# [WHAT THE EXERCISE ASKS]
Each record, exactly as written, should be printed again.

# [SOURCE INFORMATION]
== Segment start ==
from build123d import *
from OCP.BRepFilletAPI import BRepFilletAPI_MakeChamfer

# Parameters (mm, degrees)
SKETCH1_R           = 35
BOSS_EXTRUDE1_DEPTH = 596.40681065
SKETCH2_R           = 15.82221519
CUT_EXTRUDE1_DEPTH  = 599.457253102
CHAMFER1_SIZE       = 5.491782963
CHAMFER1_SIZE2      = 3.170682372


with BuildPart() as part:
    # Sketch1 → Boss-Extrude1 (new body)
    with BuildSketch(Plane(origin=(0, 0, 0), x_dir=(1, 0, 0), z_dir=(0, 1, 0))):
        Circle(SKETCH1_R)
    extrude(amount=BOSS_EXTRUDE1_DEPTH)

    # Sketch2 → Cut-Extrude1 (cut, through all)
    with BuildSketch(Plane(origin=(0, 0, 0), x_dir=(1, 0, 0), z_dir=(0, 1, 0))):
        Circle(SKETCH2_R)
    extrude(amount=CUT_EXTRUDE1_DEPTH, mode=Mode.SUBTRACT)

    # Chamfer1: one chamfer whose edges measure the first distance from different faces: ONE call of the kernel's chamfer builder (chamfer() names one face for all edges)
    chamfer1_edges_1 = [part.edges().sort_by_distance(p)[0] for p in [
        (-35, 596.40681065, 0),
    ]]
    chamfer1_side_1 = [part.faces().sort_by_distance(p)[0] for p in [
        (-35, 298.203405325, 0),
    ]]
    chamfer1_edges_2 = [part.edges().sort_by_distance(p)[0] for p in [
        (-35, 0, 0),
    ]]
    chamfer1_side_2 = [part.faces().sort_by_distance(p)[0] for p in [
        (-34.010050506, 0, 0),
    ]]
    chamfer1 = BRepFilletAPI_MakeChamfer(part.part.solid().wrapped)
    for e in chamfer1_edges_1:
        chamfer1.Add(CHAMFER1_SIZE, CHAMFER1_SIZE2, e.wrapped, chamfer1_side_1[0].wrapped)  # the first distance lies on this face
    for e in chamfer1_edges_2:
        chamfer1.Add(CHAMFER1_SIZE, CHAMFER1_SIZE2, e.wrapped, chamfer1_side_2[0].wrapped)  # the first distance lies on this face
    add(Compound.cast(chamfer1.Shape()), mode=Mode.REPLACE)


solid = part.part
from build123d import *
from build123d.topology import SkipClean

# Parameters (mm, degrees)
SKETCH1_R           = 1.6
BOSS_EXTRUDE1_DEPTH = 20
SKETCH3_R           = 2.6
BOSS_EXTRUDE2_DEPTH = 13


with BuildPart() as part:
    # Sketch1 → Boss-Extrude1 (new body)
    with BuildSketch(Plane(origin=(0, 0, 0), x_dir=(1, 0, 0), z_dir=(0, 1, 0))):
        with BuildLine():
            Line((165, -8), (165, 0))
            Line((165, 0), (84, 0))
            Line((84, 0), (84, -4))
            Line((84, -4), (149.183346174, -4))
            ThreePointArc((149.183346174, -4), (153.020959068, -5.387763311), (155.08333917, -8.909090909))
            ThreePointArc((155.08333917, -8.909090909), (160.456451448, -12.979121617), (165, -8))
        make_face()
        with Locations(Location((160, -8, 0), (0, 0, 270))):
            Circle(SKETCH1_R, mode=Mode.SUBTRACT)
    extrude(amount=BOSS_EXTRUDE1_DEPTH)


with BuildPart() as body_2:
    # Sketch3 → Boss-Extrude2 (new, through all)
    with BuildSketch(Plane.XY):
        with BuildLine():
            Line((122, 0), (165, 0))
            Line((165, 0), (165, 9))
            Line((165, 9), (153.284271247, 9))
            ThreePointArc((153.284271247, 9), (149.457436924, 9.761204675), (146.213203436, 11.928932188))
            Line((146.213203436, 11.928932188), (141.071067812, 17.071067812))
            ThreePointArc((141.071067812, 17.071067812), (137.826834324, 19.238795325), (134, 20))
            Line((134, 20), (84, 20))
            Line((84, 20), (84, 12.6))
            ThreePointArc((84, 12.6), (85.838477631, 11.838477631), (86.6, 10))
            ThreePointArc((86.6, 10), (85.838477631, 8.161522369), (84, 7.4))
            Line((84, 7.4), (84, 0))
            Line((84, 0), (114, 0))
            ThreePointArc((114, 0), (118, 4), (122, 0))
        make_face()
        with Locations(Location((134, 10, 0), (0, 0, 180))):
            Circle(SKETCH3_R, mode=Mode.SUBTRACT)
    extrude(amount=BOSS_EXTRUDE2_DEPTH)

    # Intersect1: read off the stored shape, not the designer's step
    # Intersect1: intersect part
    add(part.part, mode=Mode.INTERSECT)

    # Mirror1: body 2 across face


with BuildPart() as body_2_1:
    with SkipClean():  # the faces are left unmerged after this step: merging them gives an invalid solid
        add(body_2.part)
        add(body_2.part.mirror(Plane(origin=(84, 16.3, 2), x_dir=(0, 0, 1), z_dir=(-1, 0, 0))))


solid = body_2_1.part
== Segment end ==
# [RESULT]
from build123d import *
from OCP.BRepFilletAPI import BRepFilletAPI_MakeChamfer

# Parameters (mm, degrees)
SKETCH1_R           = 35
BOSS_EXTRUDE1_DEPTH = 596.40681065
SKETCH2_R           = 15.82221519
CUT_EXTRUDE1_DEPTH  = 599.457253102
CHAMFER1_SIZE       = 5.491782963
CHAMFER1_SIZE2      = 3.170682372


with BuildPart() as part:
    # Sketch1 → Boss-Extrude1 (new body)
    with BuildSketch(Plane(origin=(0, 0, 0), x_dir=(1, 0, 0), z_dir=(0, 1, 0))):
        Circle(SKETCH1_R)
    extrude(amount=BOSS_EXTRUDE1_DEPTH)

    # Sketch2 → Cut-Extrude1 (cut, through all)
    with BuildSketch(Plane(origin=(0, 0, 0), x_dir=(1, 0, 0), z_dir=(0, 1, 0))):
        Circle(SKETCH2_R)
    extrude(amount=CUT_EXTRUDE1_DEPTH, mode=Mode.SUBTRACT)

    # Chamfer1: one chamfer whose edges measure the first distance from different faces: ONE call of the kernel's chamfer builder (chamfer() names one face for all edges)
    chamfer1_edges_1 = [part.edges().sort_by_distance(p)[0] for p in [
        (-35, 596.40681065, 0),
    ]]
    chamfer1_side_1 = [part.faces().sort_by_distance(p)[0] for p in [
        (-35, 298.203405325, 0),
    ]]
    chamfer1_edges_2 = [part.edges().sort_by_distance(p)[0] for p in [
        (-35, 0, 0),
    ]]
    chamfer1_side_2 = [part.faces().sort_by_distance(p)[0] for p in [
        (-34.010050506, 0, 0),
    ]]
    chamfer1 = BRepFilletAPI_MakeChamfer(part.part.solid().wrapped)
    for e in chamfer1_edges_1:
        chamfer1.Add(CHAMFER1_SIZE, CHAMFER1_SIZE2, e.wrapped, chamfer1_side_1[0].wrapped)  # the first distance lies on this face
    for e in chamfer1_edges_2:
        chamfer1.Add(CHAMFER1_SIZE, CHAMFER1_SIZE2, e.wrapped, chamfer1_side_2[0].wrapped)  # the first distance lies on this face
    add(Compound.cast(chamfer1.Shape()), mode=Mode.REPLACE)


solid = part.part
from build123d import *
from build123d.topology import SkipClean

# Parameters (mm, degrees)
SKETCH1_R           = 1.6
BOSS_EXTRUDE1_DEPTH = 20
SKETCH3_R           = 2.6
BOSS_EXTRUDE2_DEPTH = 13


with BuildPart() as part:
    # Sketch1 → Boss-Extrude1 (new body)
    with BuildSketch(Plane(origin=(0, 0, 0), x_dir=(1, 0, 0), z_dir=(0, 1, 0))):
        with BuildLine():
            Line((165, -8), (165, 0))
            Line((165, 0), (84, 0))
            Line((84, 0), (84, -4))
            Line((84, -4), (149.183346174, -4))
            ThreePointArc((149.183346174, -4), (153.020959068, -5.387763311), (155.08333917, -8.909090909))
            ThreePointArc((155.08333917, -8.909090909), (160.456451448, -12.979121617), (165, -8))
        make_face()
        with Locations(Location((160, -8, 0), (0, 0, 270))):
            Circle(SKETCH1_R, mode=Mode.SUBTRACT)
    extrude(amount=BOSS_EXTRUDE1_DEPTH)


with BuildPart() as body_2:
    # Sketch3 → Boss-Extrude2 (new, through all)
    with BuildSketch(Plane.XY):
        with BuildLine():
            Line((122, 0), (165, 0))
            Line((165, 0), (165, 9))
            Line((165, 9), (153.284271247, 9))
            ThreePointArc((153.284271247, 9), (149.457436924, 9.761204675), (146.213203436, 11.928932188))
            Line((146.213203436, 11.928932188), (141.071067812, 17.071067812))
            ThreePointArc((141.071067812, 17.071067812), (137.826834324, 19.238795325), (134, 20))
            Line((134, 20), (84, 20))
            Line((84, 20), (84, 12.6))
            ThreePointArc((84, 12.6), (85.838477631, 11.838477631), (86.6, 10))
            ThreePointArc((86.6, 10), (85.838477631, 8.161522369), (84, 7.4))
            Line((84, 7.4), (84, 0))
            Line((84, 0), (114, 0))
            ThreePointArc((114, 0), (118, 4), (122, 0))
        make_face()
        with Locations(Location((134, 10, 0), (0, 0, 180))):
            Circle(SKETCH3_R, mode=Mode.SUBTRACT)
    extrude(amount=BOSS_EXTRUDE2_DEPTH)

    # Intersect1: read off the stored shape, not the designer's step
    # Intersect1: intersect part
    add(part.part, mode=Mode.INTERSECT)

    # Mirror1: body 2 across face


with BuildPart() as body_2_1:
    with SkipClean():  # the faces are left unmerged after this step: merging them gives an invalid solid
        add(body_2.part)
        add(body_2.part.mirror(Plane(origin=(84, 16.3, 2), x_dir=(0, 0, 1), z_dir=(-1, 0, 0))))


solid = body_2_1.part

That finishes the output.